A basic block is defined as a sequence of (non-jump) instructions ending with a jump (direct or indirect) instruction. The jump target address should be the start of another basic block. Consider I have the following assembly code :
106ac: ba00000f blt 106f0 <main+0xb8>
106b0: e3099410 movw r9, #37904 ; 0x9410
106b4: e3409001 movt r9, #1
106b8: e79f9009 ldr r9, [pc, r9]
106bc: e3a06000 mov r6, #0
106c0: e1a0a008 mov sl, r8
106c4: e30993fc movw r9, #37884 ; 0x93fc
106c8: e3409001 movt r9, #1
106cc: e79f9009 ldr r9, [pc, r9]
106d0: e5894000 str r4, [r9]
106d4: e7941105 ldr r1, [r4, r5, lsl #2]
106d8: e1a00007 mov r0, r7
106dc: e12fff31 blx r1
106e0: e0806006 add r6, r0, r6
106e4: e25aa001 subs sl, sl, #1
106e8: e287700d add r7, r7, #13
106ec: 1afffff4 bne 106c4 <main+0x8c>
106f0: e30993d0 movw r9, #37840 ; 0x93d0
106f4: e3409001 movt r9, #1
bb1
106a4: ...
106ac: ba00000f blt 106f0 <main+0xb8>
The first basic block bb1 has a target address which is the start of bb4.
bb2
106b0: e3099410 movw r9, #37904 ; 0x9410
.... All other instructions
106c4: e30993fc movw r9, #37884 ; 0x93fc
.... All other instructions
106d8: e1a00007 mov r0, r7
106dc: e12fff31 blx r1
The second basic block bb2 has an indirect branch so the target address is known only at runtime.
bb3
106e0: e0806006 add r6, r0, r6
106e4: e25aa001 subs sl, sl, #1
106e8: e287700d add r7, r7, #13
106ec: 1afffff4 bne 106c4 <main+0x8c>
The third basic block has a target address which is not the start of another basic block but it is in the middle of bb2. According to the definition of a basic block, it is not possible. But, in practice, I am seeing this behavior (jumps in the middle of basic blocks) in multiple places. How to explain this behavior ? Is it possible to force a compiler (LLVM) to generate code that does not jump anywhere else except at the beginning of a basic block ?
bb4
106f0: e30993d0 movw r9, #37840 ; 0x93d0
106f4: e3409001 movt r9, #1
....
Ends with a branch (direct or indirect)
I am generating basic blocks using a tool (SPEDI) and the compiler used is LLVM (CLANG front end) and the targeted architecture is ARM V7 Cortex-A9.

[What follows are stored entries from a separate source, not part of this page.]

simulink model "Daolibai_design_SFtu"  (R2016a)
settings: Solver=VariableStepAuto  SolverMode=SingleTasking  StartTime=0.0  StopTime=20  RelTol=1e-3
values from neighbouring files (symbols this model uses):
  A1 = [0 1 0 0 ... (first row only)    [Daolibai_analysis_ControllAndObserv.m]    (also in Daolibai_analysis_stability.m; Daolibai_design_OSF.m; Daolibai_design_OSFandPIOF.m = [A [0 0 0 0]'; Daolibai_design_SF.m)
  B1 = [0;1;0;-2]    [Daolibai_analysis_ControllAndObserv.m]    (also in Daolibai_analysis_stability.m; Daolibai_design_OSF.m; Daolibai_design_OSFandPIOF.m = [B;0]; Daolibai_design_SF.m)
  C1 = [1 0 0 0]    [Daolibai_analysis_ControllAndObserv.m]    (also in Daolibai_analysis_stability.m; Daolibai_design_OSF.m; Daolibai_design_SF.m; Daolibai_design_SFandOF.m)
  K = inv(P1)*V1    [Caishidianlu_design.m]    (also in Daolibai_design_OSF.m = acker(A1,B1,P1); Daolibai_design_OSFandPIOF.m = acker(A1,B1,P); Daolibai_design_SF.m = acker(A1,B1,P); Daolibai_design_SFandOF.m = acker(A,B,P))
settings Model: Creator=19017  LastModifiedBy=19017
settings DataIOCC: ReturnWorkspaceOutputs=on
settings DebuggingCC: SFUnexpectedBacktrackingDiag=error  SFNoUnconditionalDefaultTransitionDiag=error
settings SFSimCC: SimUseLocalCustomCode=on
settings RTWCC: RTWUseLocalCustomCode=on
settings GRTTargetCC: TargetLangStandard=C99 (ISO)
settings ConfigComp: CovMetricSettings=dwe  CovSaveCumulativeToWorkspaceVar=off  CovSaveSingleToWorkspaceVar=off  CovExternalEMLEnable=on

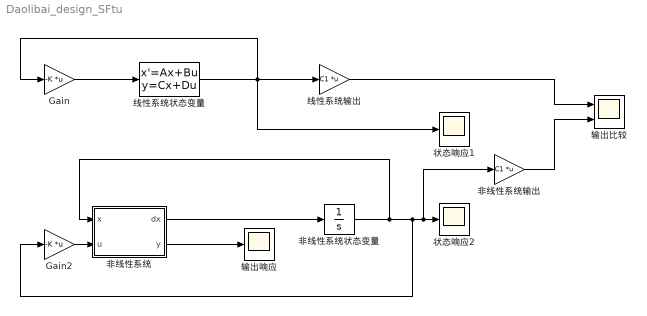
== system Daolibai_design_SFtu ==
  Gain : Gain  Gain=-K  Multiplication=Matrix(K*u)
  Gain2 : Gain  Gain=-K  Multiplication=Matrix(K*u)
  状态响应1 : Scope
  状态响应2 : Scope
  线性系统状态变量 : StateSpace  A=A1  B=B1  C=eye(4)  D=[0;0;0;0]  X0=[0 0 0.01 0.01]
  线性系统输出 : Gain  Gain=C1  Multiplication=Matrix(K*u)
  输出响应 : Scope
  输出比较 : Scope  NumInputPorts=2
  非线性系统 : MATLAB Function  TreatAsAtomicUnit=on
  非线性系统状态变量 : Integrator  InitialCondition=[0 0 0.01 0.01]
  非线性系统输出 : Gain  Gain=C1  Multiplication=Matrix(K*u)
  wires:
  线性系统状态变量/1 -> Gain/1, 线性系统输出/1, 状态响应1/1
  Gain/1 -> 线性系统状态变量/1
  线性系统输出/1 -> 输出比较/1
  非线性系统状态变量/1 -> 非线性系统输出/1, 状态响应2/1, Gain2/1, 非线性系统/1(x)
  Gain2/1 -> 非线性系统/2(u)
  非线性系统/2(y) -> 输出响应/1
  非线性系统输出/1 -> 输出比较/2
  非线性系统/1(dx) -> 非线性系统状态变量/1

== matlab function Daolibai_design_SFtu/非线性系统 ==
  data: dx output; x input; u input; y output
function [dx,y] = fcn(x,u)
dx = zeros(4,1);
M = 1;
m = 0.1;
l = 0.5;
g = 9.8;
dx(1) = x(2);
dx(2) = (u+m*l*x(4)^2*sin(x(3))-m*g*sin(x(3))*cos(x(3)))/(M+m-m*cos(x(3))^2);
dx(3) = x(4);
dx(4) = (-u*cos(x(3))+(M+m)*g*sin(x(3))-m*l*x(4)^2*sin(x(3))*cos(x(3)))/((M+m)*l-m*l*cos(x(3))^2);
y = x(1);
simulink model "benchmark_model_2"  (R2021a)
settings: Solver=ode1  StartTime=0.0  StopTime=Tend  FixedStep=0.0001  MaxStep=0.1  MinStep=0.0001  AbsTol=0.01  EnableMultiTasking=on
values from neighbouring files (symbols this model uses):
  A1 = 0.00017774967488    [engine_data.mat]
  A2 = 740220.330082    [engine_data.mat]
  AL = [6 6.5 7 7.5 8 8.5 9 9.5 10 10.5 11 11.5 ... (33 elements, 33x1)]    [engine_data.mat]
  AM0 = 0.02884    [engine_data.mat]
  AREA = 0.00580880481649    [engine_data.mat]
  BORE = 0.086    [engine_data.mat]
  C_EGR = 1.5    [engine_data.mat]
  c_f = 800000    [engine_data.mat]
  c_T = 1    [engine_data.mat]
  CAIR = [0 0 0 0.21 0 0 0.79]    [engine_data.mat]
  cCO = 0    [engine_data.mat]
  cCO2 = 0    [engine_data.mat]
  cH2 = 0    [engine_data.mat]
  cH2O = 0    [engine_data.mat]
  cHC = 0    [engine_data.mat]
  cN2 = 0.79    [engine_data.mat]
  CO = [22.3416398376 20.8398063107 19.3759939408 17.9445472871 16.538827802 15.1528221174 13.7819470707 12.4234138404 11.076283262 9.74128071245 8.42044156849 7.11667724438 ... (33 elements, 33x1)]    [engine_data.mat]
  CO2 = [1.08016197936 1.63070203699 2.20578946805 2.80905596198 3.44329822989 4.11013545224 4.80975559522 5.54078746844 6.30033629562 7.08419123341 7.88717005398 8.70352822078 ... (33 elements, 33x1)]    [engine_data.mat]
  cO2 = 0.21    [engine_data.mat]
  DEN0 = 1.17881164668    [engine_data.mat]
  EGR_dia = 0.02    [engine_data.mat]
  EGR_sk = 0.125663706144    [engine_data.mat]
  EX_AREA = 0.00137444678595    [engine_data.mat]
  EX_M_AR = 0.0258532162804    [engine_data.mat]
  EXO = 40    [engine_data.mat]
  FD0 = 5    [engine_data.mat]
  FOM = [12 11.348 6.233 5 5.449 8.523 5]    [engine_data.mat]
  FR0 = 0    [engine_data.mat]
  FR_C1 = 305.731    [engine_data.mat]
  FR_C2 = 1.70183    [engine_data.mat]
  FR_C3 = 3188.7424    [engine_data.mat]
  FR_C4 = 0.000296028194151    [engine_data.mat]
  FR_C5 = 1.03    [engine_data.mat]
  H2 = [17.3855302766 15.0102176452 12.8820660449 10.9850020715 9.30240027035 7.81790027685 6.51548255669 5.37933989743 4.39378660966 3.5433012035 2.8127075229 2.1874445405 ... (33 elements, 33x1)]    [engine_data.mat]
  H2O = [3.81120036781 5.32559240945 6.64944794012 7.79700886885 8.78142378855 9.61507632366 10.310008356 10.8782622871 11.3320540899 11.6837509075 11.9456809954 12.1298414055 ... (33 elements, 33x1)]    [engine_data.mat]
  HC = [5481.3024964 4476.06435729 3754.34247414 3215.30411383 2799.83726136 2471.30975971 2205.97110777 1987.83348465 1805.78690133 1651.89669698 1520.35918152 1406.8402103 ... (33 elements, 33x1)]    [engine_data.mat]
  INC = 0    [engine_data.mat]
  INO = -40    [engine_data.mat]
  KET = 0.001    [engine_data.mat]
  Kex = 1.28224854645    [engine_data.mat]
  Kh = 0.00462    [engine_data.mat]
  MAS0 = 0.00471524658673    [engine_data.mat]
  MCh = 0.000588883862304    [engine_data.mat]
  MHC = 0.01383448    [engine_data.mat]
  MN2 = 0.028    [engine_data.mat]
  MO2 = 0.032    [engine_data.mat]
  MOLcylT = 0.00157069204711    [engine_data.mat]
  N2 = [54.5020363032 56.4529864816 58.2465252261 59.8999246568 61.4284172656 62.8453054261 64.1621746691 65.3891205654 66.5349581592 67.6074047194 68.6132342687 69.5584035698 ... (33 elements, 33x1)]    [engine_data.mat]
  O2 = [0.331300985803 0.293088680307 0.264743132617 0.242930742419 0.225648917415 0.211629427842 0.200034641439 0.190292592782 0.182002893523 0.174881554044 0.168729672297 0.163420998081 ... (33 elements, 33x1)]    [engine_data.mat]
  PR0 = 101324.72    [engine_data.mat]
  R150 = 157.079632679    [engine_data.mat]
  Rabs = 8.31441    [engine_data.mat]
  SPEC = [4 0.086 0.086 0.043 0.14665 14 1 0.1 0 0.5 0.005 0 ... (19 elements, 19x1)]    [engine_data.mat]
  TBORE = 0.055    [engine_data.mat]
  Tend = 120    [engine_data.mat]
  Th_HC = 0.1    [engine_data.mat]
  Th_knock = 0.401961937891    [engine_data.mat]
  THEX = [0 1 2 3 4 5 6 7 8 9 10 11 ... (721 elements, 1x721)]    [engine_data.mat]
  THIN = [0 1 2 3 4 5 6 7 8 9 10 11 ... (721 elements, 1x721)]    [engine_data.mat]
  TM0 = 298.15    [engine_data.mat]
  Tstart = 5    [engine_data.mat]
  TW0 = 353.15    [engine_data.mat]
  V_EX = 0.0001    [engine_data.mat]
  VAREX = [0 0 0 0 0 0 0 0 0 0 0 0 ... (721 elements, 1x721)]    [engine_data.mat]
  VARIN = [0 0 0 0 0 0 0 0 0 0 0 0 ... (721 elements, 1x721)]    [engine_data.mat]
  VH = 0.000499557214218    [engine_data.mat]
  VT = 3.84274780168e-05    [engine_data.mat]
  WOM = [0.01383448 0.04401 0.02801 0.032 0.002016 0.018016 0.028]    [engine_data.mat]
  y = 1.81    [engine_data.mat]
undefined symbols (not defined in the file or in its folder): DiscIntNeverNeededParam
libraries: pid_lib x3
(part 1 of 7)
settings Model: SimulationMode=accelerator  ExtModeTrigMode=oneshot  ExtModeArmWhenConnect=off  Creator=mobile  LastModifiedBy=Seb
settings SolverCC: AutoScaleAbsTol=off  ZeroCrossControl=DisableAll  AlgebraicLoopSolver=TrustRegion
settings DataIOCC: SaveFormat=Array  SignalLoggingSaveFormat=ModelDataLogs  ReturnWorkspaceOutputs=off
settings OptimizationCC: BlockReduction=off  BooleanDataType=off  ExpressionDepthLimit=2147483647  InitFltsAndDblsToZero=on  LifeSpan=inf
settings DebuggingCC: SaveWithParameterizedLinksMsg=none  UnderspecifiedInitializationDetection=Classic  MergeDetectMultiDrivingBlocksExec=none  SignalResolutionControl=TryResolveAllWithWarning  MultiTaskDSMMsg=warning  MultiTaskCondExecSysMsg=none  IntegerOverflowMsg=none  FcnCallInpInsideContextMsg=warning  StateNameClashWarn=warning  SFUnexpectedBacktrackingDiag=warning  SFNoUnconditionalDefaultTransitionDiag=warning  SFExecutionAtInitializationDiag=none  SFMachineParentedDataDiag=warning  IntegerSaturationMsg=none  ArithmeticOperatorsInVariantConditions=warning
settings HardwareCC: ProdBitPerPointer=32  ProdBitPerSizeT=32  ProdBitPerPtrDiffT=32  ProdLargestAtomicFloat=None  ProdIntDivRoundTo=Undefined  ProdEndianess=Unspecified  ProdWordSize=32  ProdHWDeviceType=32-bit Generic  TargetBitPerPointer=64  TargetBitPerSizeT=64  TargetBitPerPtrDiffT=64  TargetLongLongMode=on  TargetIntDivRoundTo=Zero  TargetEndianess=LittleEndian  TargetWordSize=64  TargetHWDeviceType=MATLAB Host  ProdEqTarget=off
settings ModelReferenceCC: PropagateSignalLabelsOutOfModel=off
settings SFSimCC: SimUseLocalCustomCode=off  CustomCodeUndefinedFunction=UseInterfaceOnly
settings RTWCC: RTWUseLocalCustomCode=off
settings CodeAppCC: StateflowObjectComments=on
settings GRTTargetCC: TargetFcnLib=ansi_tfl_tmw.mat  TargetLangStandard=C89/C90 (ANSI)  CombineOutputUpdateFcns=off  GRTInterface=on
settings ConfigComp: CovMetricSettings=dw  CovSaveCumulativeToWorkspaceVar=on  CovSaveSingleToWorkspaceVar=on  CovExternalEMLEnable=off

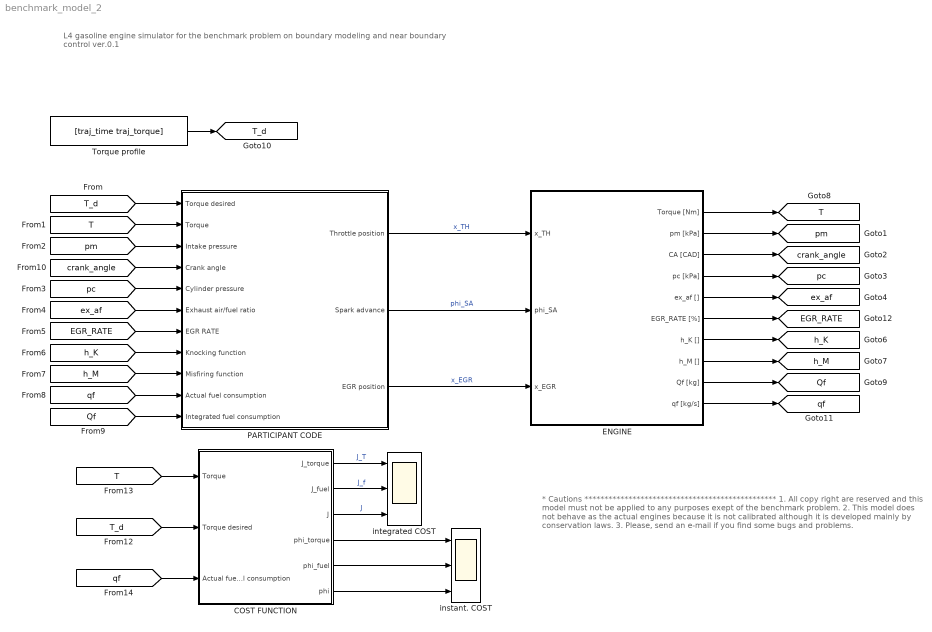
== system benchmark_model_2 ==
  note: * Cautions ************************************************
      | 1. All copy right are reserved and this model must not be applied to
      |     any purposes exept of the benchmark problem.
      | 2. This model does not behave as the actual engines because it is not
      |     calibrated although it is developed mainly by conservation laws.
      | 3. Please, send an e-mail if you find some bugs and problems.
  note: L4 gasoline engine simulator for the benchmark problem
      | on boundary modeling and near boundary control ver.0.1
  COST FUNCTION : Subsystem
  ENGINE : Subsystem
  PARTICIPANT CODE : Subsystem
  Torque profile : FromWorkspace  VariableName=[traj_time traj_torque]  SampleTime=-1  OutputAfterFinalValue=Holding final value
  instant. COST : Scope  NumInputPorts=3
  integrated COST : Scope  NumInputPorts=3
  tag scope: EGR_RATE=global, Qf=global, T=global, T_d=global, crank_angle=global, ex_af=global, h_K=global, h_M=global, pc=global, pm=global, qf=global
  wires:
  [EGR_RATE] -> PARTICIPANT CODE/7(EGR RATE)
  [h_M] -> PARTICIPANT CODE/9(Misfiring function)
  [pc] -> PARTICIPANT CODE/5(Cylinder pressure)
  [h_K] -> PARTICIPANT CODE/8(Knocking function)
  [T] -> PARTICIPANT CODE/2(Torque)
  [pm] -> PARTICIPANT CODE/3(Intake pressure)
  [qf] -> PARTICIPANT CODE/10(Actual fuel consumption)
  [ex_af] -> PARTICIPANT CODE/6(Exhaust air/fuel ratio)
  [Qf] -> PARTICIPANT CODE/11(Integrated fuel consumption)
  [T_d] -> PARTICIPANT CODE/1(Torque desired)
  Torque profile/1 -> [T_d]
  COST FUNCTION/1(J_torque) -> integrated COST/1  "J_T"
  COST FUNCTION/2(J_fuel) -> integrated COST/2  "J_f"
  COST FUNCTION/3(J) -> integrated COST/3  "J"
  [T] -> COST FUNCTION/1(Torque)
  [T_d] -> COST FUNCTION/2(Torque desired)
  [qf] -> COST FUNCTION/3(Actual fuel consumption)
  [crank_angle] -> PARTICIPANT CODE/4(Crank angle)
  PARTICIPANT CODE/1(Throttle position) -> ENGINE/1(x_TH)  "x_TH"
  PARTICIPANT CODE/2(Spark advance) -> ENGINE/2(phi_SA)  "phi_SA"
  PARTICIPANT CODE/3(EGR position) -> ENGINE/3(x_EGR)  "x_EGR"
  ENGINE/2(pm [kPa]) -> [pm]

Basic blocks are the nodes in the control flow graph, which means that once control enters the block, it can't do anything else apart from running through the whole block and exiting it. It doesn't mean that they have to start or end with a jump instruction. For better understanding refer to this excerpt from Wikipedia:
Because of its construction procedure, in a CFG, every edge A→B has the property that:
outdegree(A) > 1 or indegree(B) > 1 (or both).
The CFG can thus be obtained, at least conceptually, by starting from the program's (full) flow graph—i.e. the graph in which every node represents an individual instruction—and performing an edge contraction for every edge that falsifies the predicate above, i.e. contracting every edge whose source has a single exit and whose destination has a single entry.
According to this definition I would analyze code between 106b0 and 106ec differently: one block B1 from 106b0 to 106c0, and one block B2 from 106c4 to 106ec. This code is a loop, B1 is the setup part of the loop and B2 is the body.
In ARM a bl instruction such as the one at 106dc is a function call, meaning that control will be passed to the called function but then returned to the instruction right after the bl. So if we're only constructing the CFG for the calling function I wouldn't consider this instruction as a block boundary. If we're doing the CFG for the whole program there should be an edge towards the called function here and then another edge back from the called function to the next instruction.